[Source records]
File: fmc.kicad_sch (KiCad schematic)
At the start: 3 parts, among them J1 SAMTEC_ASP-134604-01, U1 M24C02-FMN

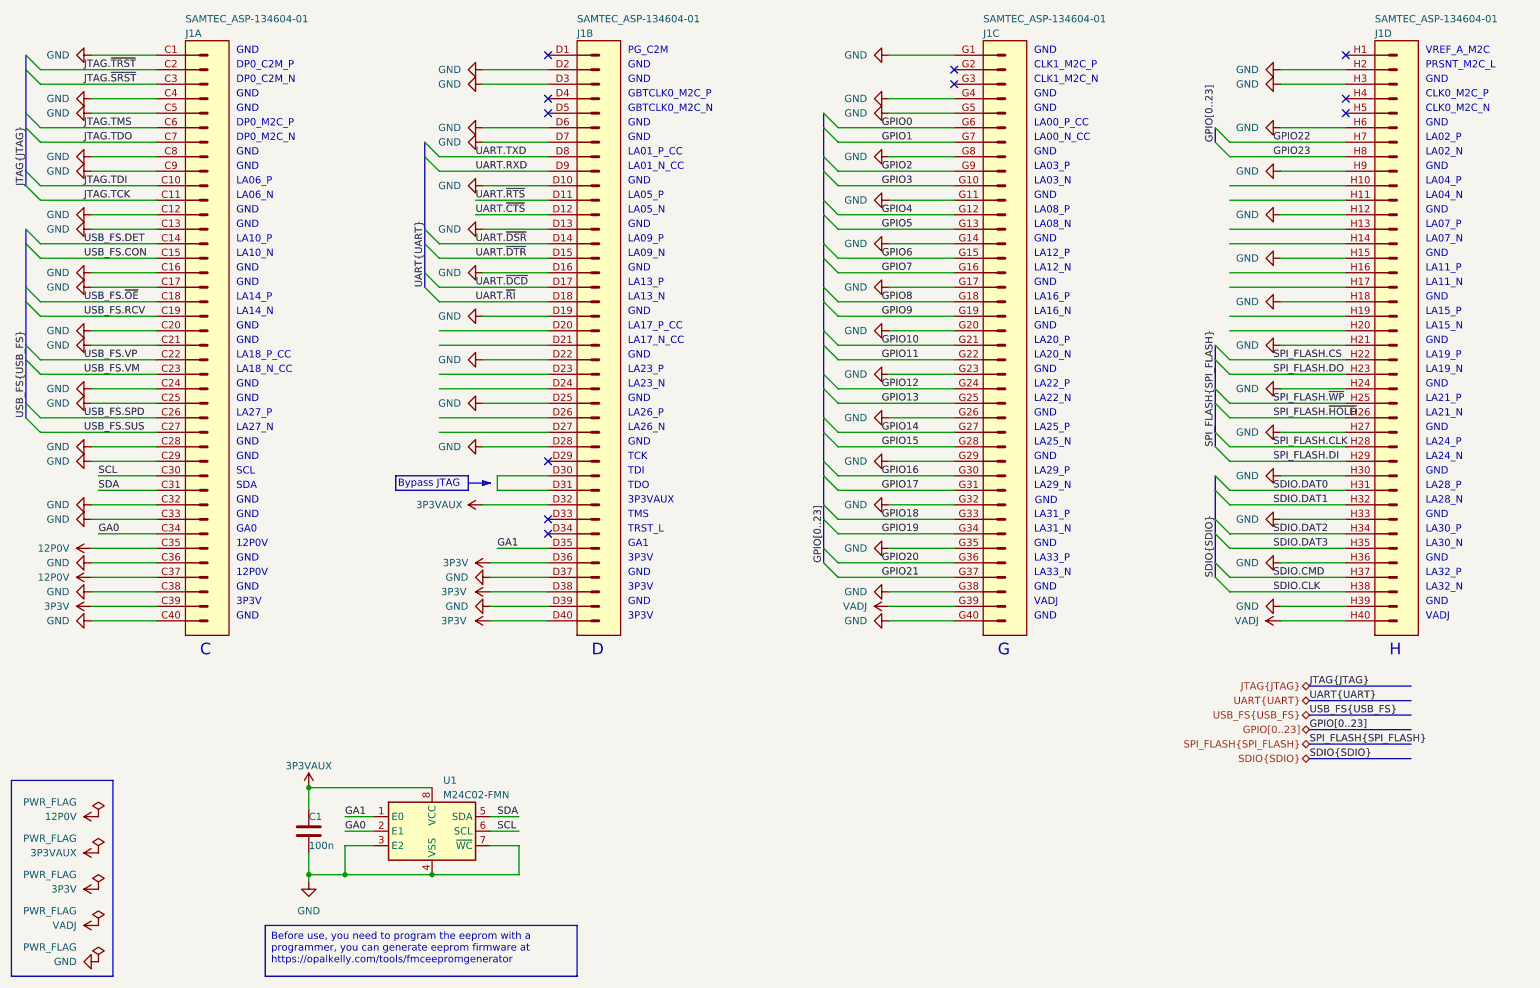
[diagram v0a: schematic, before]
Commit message: fmc.kicad_sch: finished all bus label connection
Signed-off-by: Huang Rui <vowstar@gmail.com>
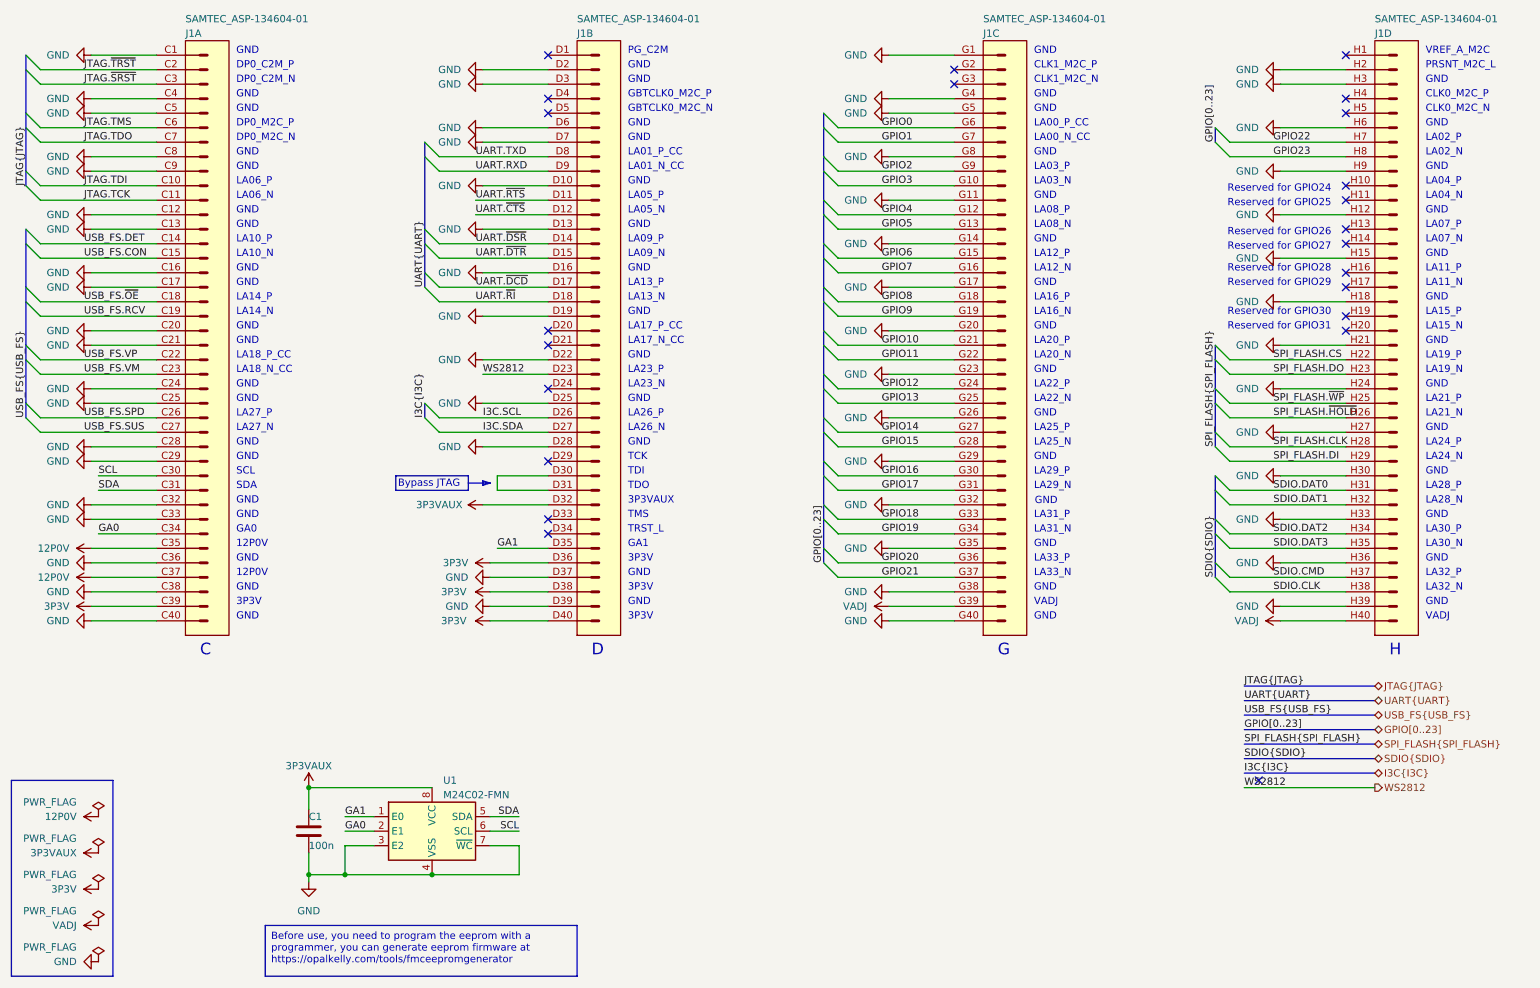
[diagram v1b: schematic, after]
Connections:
- net WS2812: now reaches J1.D23 (d23)
- net I3C.SCL: now reaches J1.D26 (d26)
- net I3C.SDA: now reaches J1.D27 (d27)
- no-connect marks 11 -> 23
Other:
- note added: "Reserved for GPIO24"
- note added: "Reserved for GPIO25"
- note added: "Reserved for GPIO26"
- note added: "Reserved for GPIO27"
- note added: "Reserved for GPIO28"
- note added: "Reserved for GPIO29"
- note added: "Reserved for GPIO30"
- note added: "Reserved for GPIO31"

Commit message: *.kicad_sch: ERC clean
Signed-off-by: Huang Rui <vowstar@gmail.com>
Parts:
- J1: footprint Connector:Samtec_FMC_ASP-134604-01_4x40_P1.27mm -> CHIPSAlliance_Connector:Samtec_FMC_ASP-134604-01_4x40_P1.27mm
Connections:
- net SPI_FLASH.CS renamed SPI_FLASH.~{CS}
- no-connect marks 23 -> 22
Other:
- moved on the sheet: C1, U1

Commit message: {library,*.kicad_sch}: fix power symbols, ERC clean
Signed-off-by: Huang Rui <vowstar@gmail.com>
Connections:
- removed net VDD: C1.1, J1.C35 (Pin_35), J1.C37 (Pin_37), J1.C39 (Pin_39), J1.D32 (d32), J1.D36 (d36), J1.D38 (d38), J1.D40 (d40), J1.G39 (g39), J1.H40 (h40), U1.8 (VCC)
- new net 12P0V: J1.C35 (Pin_35), J1.C37 (Pin_37)
- new net 3P3V: J1.C39 (Pin_39), J1.D36 (d36), J1.D38 (d38), J1.D40 (d40)
- new net 3P3VAUX: C1.1, J1.D32 (d32), U1.8 (VCC)
- new net VADJ: J1.G39 (g39), J1.H40 (h40)

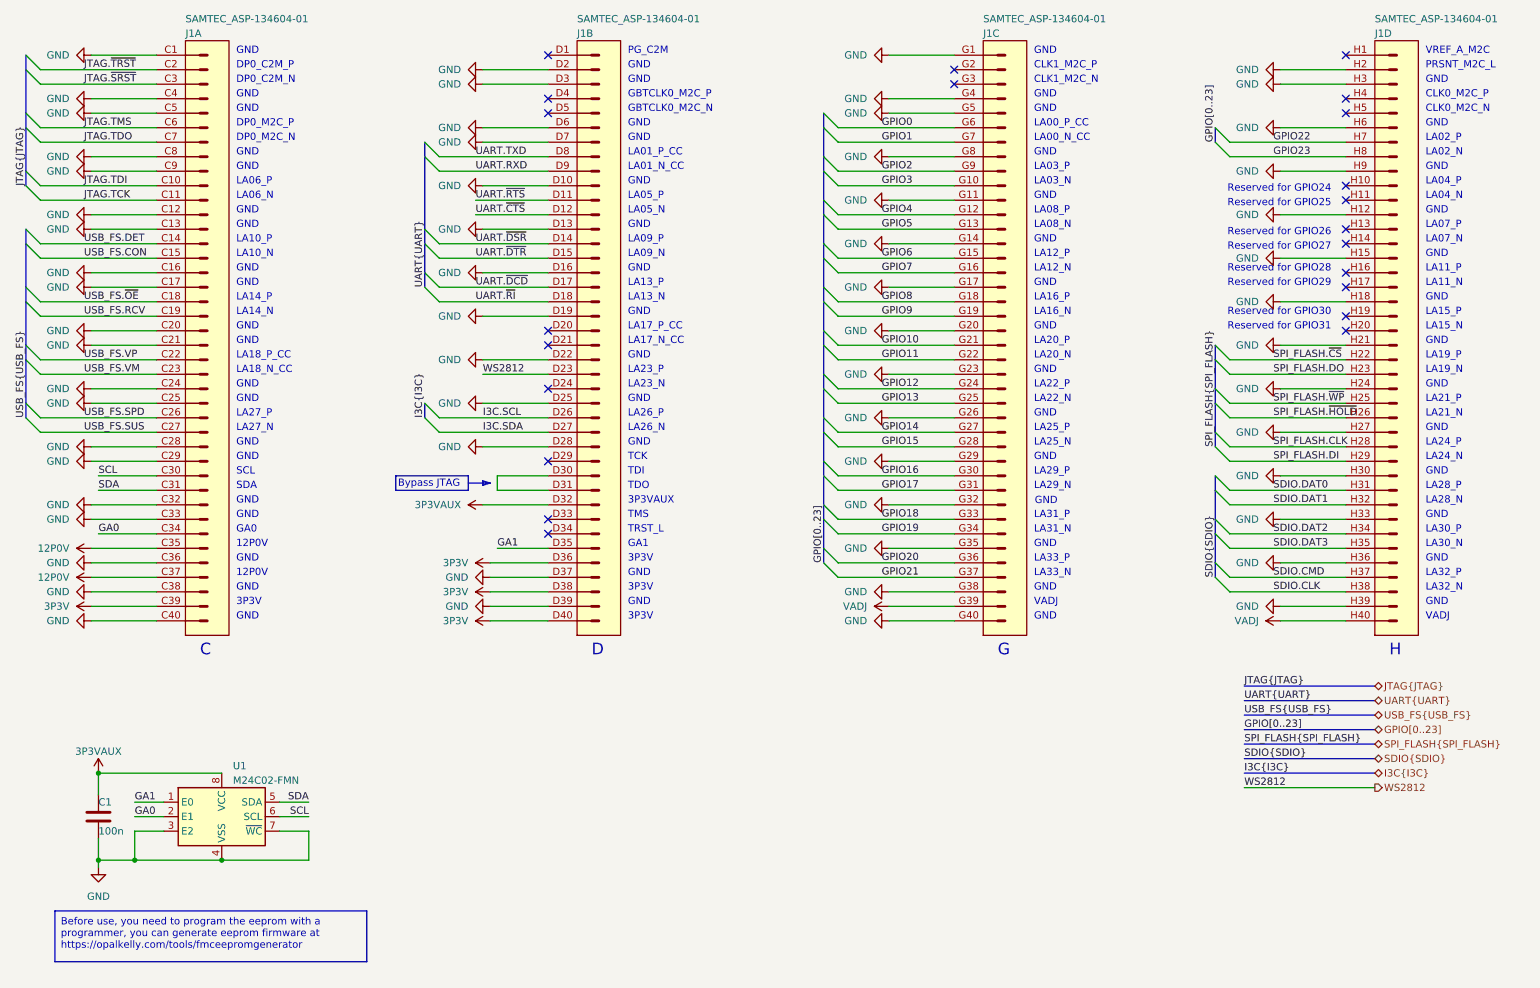
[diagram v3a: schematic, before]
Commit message: *.kicad_sch: expand gpio to [0..31]
Signed-off-by: Huang Rui <vowstar@gmail.com>
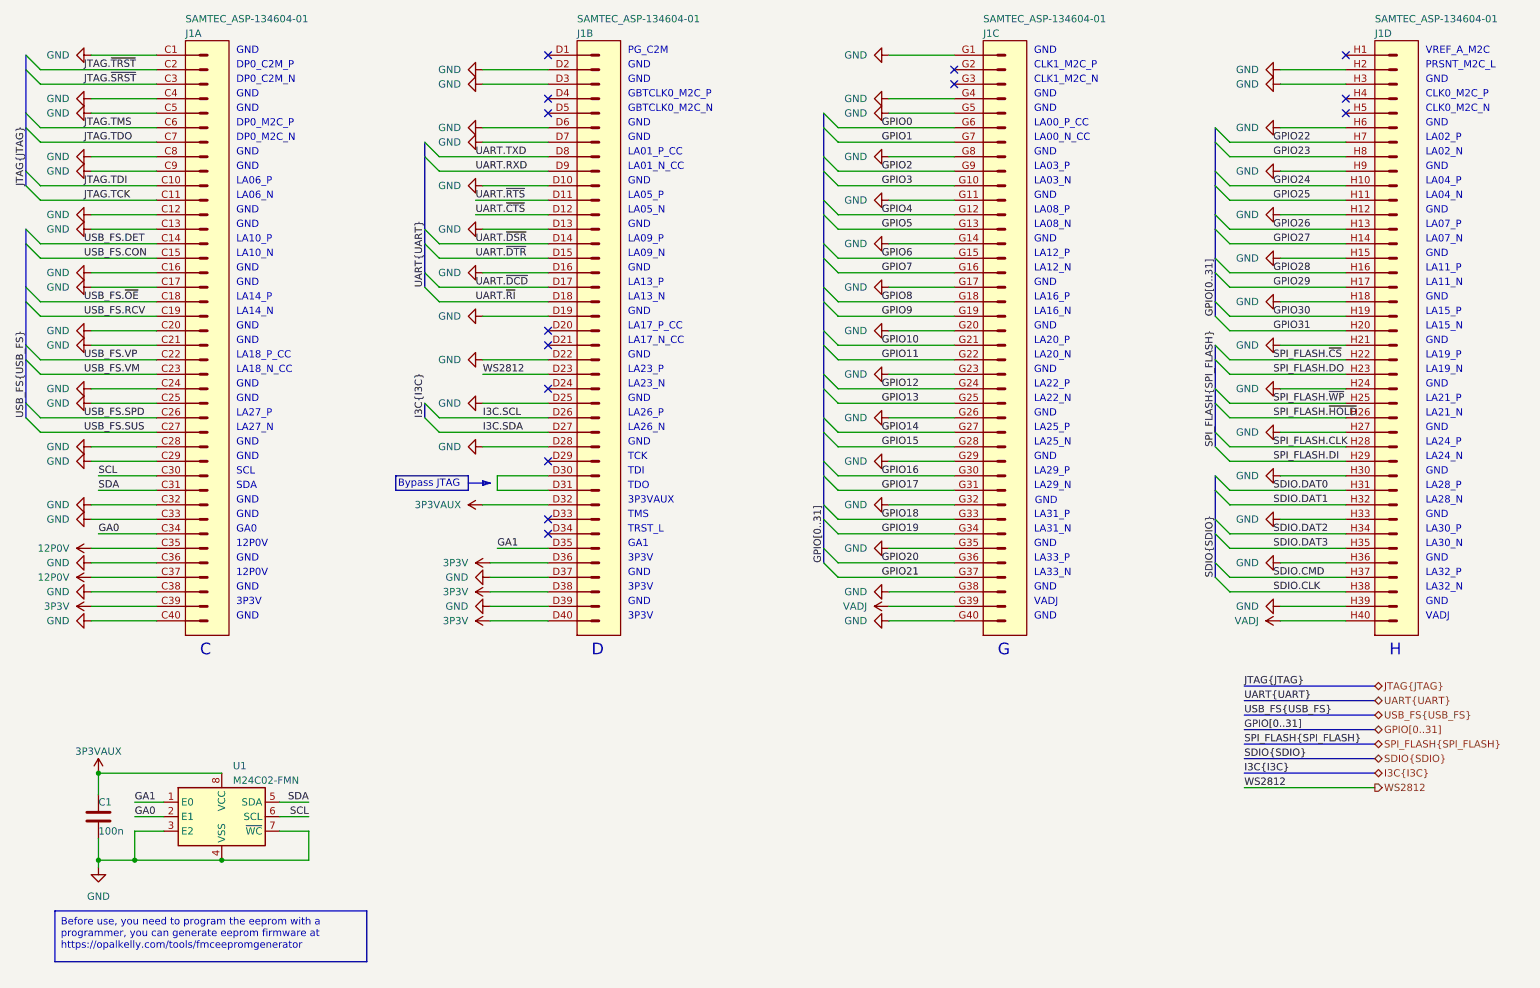
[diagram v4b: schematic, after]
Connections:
- net GPIO24: now reaches J1.H10 (h10)
- net GPIO25: now reaches J1.H11 (h11)
- net GPIO26: now reaches J1.H13 (h13)
- net GPIO27: now reaches J1.H14 (h14)
- net GPIO28: now reaches J1.H16 (h16)
- net GPIO29: now reaches J1.H17 (h17)
- net GPIO30: now reaches J1.H19 (h19)
- net GPIO31: now reaches J1.H20 (h20)
- no-connect marks 22 -> 14
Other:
- note removed: "Reserved for GPIO24"
- note removed: "Reserved for GPIO25"
- note removed: "Reserved for GPIO26"
- note removed: "Reserved for GPIO27"
- note removed: "Reserved for GPIO28"
- note removed: "Reserved for GPIO29"
- note removed: "Reserved for GPIO30"
- note removed: "Reserved for GPIO31"

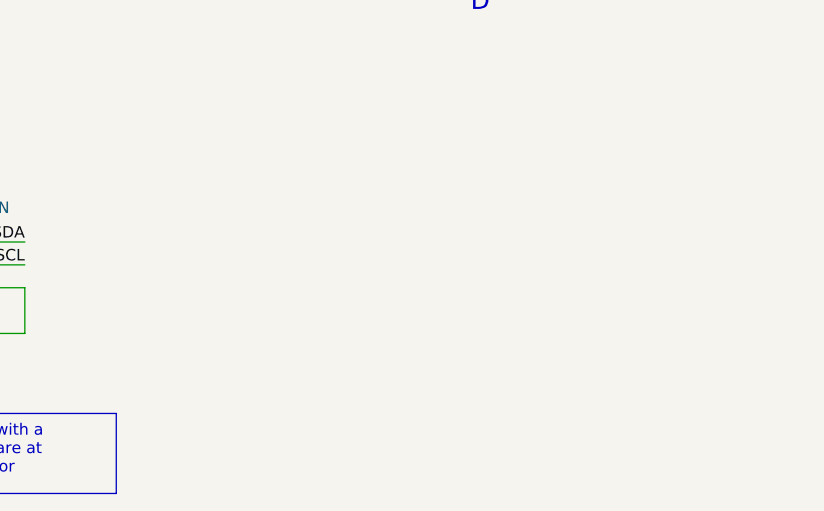
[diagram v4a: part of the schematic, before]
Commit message: *.kicad_sch: add more detailed annotations for signals
Signed-off-by: Huang Rui <vowstar@gmail.com>
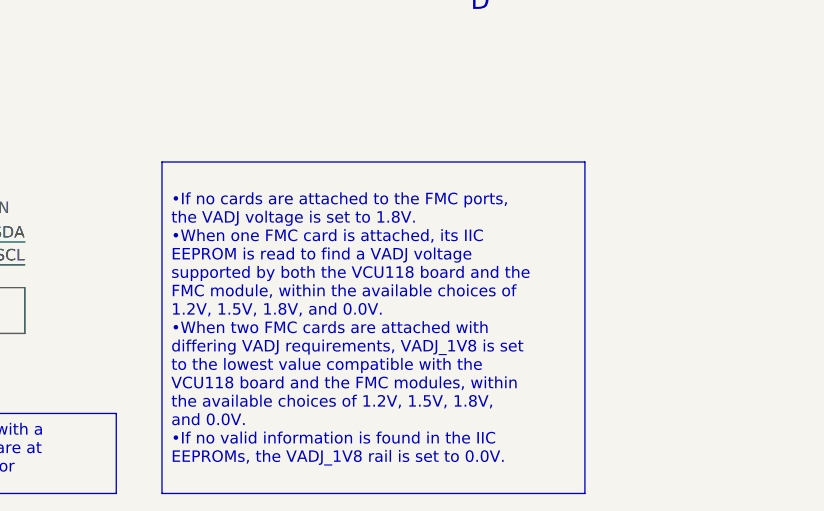
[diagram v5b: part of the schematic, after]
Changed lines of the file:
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@@
     (stroke (width 0) (type default))
+  )
+  (text_box "•If no cards are attached to the FMC ports, the VADJ voltage is set to 1.8V.\n•When one FMC card is attached, its IIC EEPROM is read to find a VADJ voltage supported by both the VCU118 board and the FMC module, within the available choices of 1.2V, 1.5V, 1.8V, and 0.0V.\n•When two FMC cards are attached with differing VADJ requirements, VADJ_1V8 is set to the lowest value compatible with the VCU118 board and the FMC modules, within the available choices of 1.2V, 1.5V, 1.8V, and 0.0V.\n•If no valid information is found in the IIC EEPROMs, the VADJ_1V8 rail is set to 0.0V."
+    (at 87.63 149.86 0) (size 46.99 36.83)
+    (stroke (width 0) (type default))
+    (fill (type none))
+    (effects (font (size 1.27 1.27)) (justify left))
   )
   (text_box "Before use, you need to program the eeprom with a programmer, you can generate eeprom firmware at\nhttps://opalkelly.com/tools/fmceepromgenerator"

**Exercise aim**
What you give back must match the lines from the start of the records through the line that contains "[diagram v4b: schematic, after]", exactly, with the pictures left out.

**Result for this exercise**
File: fmc.kicad_sch (KiCad schematic)
At the start: 3 parts, among them J1 SAMTEC_ASP-134604-01, U1 M24C02-FMN

[diagram v0a: schematic, before]
Commit message: fmc.kicad_sch: finished all bus label connection
Signed-off-by: Huang Rui <vowstar@gmail.com>
[diagram v1b: schematic, after]
Connections:
- net WS2812: now reaches J1.D23 (d23)
- net I3C.SCL: now reaches J1.D26 (d26)
- net I3C.SDA: now reaches J1.D27 (d27)
- no-connect marks 11 -> 23
Other:
- note added: "Reserved for GPIO24"
- note added: "Reserved for GPIO25"
- note added: "Reserved for GPIO26"
- note added: "Reserved for GPIO27"
- note added: "Reserved for GPIO28"
- note added: "Reserved for GPIO29"
- note added: "Reserved for GPIO30"
- note added: "Reserved for GPIO31"

Commit message: *.kicad_sch: ERC clean
Signed-off-by: Huang Rui <vowstar@gmail.com>
Parts:
- J1: footprint Connector:Samtec_FMC_ASP-134604-01_4x40_P1.27mm -> CHIPSAlliance_Connector:Samtec_FMC_ASP-134604-01_4x40_P1.27mm
Connections:
- net SPI_FLASH.CS renamed SPI_FLASH.~{CS}
- no-connect marks 23 -> 22
Other:
- moved on the sheet: C1, U1

Commit message: {library,*.kicad_sch}: fix power symbols, ERC clean
Signed-off-by: Huang Rui <vowstar@gmail.com>
Connections:
- removed net VDD: C1.1, J1.C35 (Pin_35), J1.C37 (Pin_37), J1.C39 (Pin_39), J1.D32 (d32), J1.D36 (d36), J1.D38 (d38), J1.D40 (d40), J1.G39 (g39), J1.H40 (h40), U1.8 (VCC)
- new net 12P0V: J1.C35 (Pin_35), J1.C37 (Pin_37)
- new net 3P3V: J1.C39 (Pin_39), J1.D36 (d36), J1.D38 (d38), J1.D40 (d40)
- new net 3P3VAUX: C1.1, J1.D32 (d32), U1.8 (VCC)
- new net VADJ: J1.G39 (g39), J1.H40 (h40)

[diagram v3a: schematic, before]
Commit message: *.kicad_sch: expand gpio to [0..31]
Signed-off-by: Huang Rui <vowstar@gmail.com>
[diagram v4b: schematic, after]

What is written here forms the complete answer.